DATA EXCERPTS:
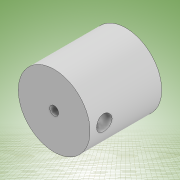
# Autodesk Inventor part: AcopleMotor
Saved by Autodesk Inventor 2022 (Build 260153000, 153)
## iProperties
Created: 2022-03-04
Part Number: AcopleMotor
Material: Genérico
Document SubType Name: Modeling
Designer: Marco
Density: 1 g/cm^3
Appearance: Valor por defecto
Author: Marco
Autodesk Inventor part; units mm, degrees
ref_plane "YZ Plane" through (0, 0, 0) normal (1, 0, 0) x (0, 1, 0)
ref_plane "XZ Plane" through (0, 0, 0) normal (0, 1, 0) x (-1, 0, 0)
ref_plane "XY Plane" through (0, 0, 0) normal (0, 0, 1) x (1, 0, 0)
sketch "Boceto1" plane through (0, 0, 0) normal (0, 0, 1) x (1, 0, 0)
  circle A0 centre (0, 0) radius 10
  dimension "d0" = 20
  constraints: 1 centre point, 1 coincident
  measures "d0" diameter of A0
extrude "Extrusión1" add sketch "Boceto1" along normal blind 20
sketch "Boceto2" plane through (0, 0, 20) normal (0, 0, 1) x (1, 0, 0)
  circle A0 centre (0, 0) radius 1.25
  dimension "d3" = 2.5
  constraints: 1 centre point, 1 coincident
  measures "d3" diameter of A0
extrude "Extrusión2" cut sketch "Boceto2" against normal blind 10
sketch "Boceto3" plane through (0, 0, 0) normal (0, 0, -1) x (-1, 0, 0)
  line L0 (0, 3.5218) -> (3.05, 1.7609)
  line L1 (3.05, 1.7609) -> (3.05, -1.7609)
  line L2 (3.05, -1.7609) -> (0, -3.5218)
  line L3 (0, -3.5218) -> (-3.05, -1.7609)
  line L4 (-3.05, -1.7609) -> (-3.05, 1.7609)
  line L5 (-3.05, 1.7609) -> (0, 3.5218)
  point P0 (0, 0)
  point P1 (0, 0)
  point P2 (3.05, 0)
  dimension "d6" = 6.1
  constraints: 12 end point, 1 coincident, 1 horizontal alignment, 1 midpoint, 13 other
  measures "d6" distance of L1.end L3.end
extrude "Extrusión3" cut sketch "Boceto3" against normal blind 10
ref_plane "Plano de trabajo1" through (10, 0, 0) normal (-1, 0, 0) x (0, 0, 1)
sketch "Boceto4" plane through (10, 0, 0) normal (-1, 0, 0) x (0, 0, 1)
  circle A0 centre (16, 0) radius 2
  line L0 (20, -10) -> (20, 10) projected
  point P0 (0, 0)
  dimension "d11" = 4
  dimension "d12" = 4
  constraints: 1 centre point, 1 horizontal alignment
  measures "d11" diameter of A0
  measures "d12" distance from line of L0 A0.centre
hole "Agujero1" at (10, 0, 16) direction (-1, 0, 0) diameter 4.3 end through all

INSTRUCTIONS TO FOLLOW: Return exactly the lines from the one containing "of L0 A0.centre" through the last line of the records above, both included, and nothing else.

WRITTEN SOLUTION:
  measures "d12" distance from line of L0 A0.centre
hole "Agujero1" at (10, 0, 16) direction (-1, 0, 0) diameter 4.3 end through all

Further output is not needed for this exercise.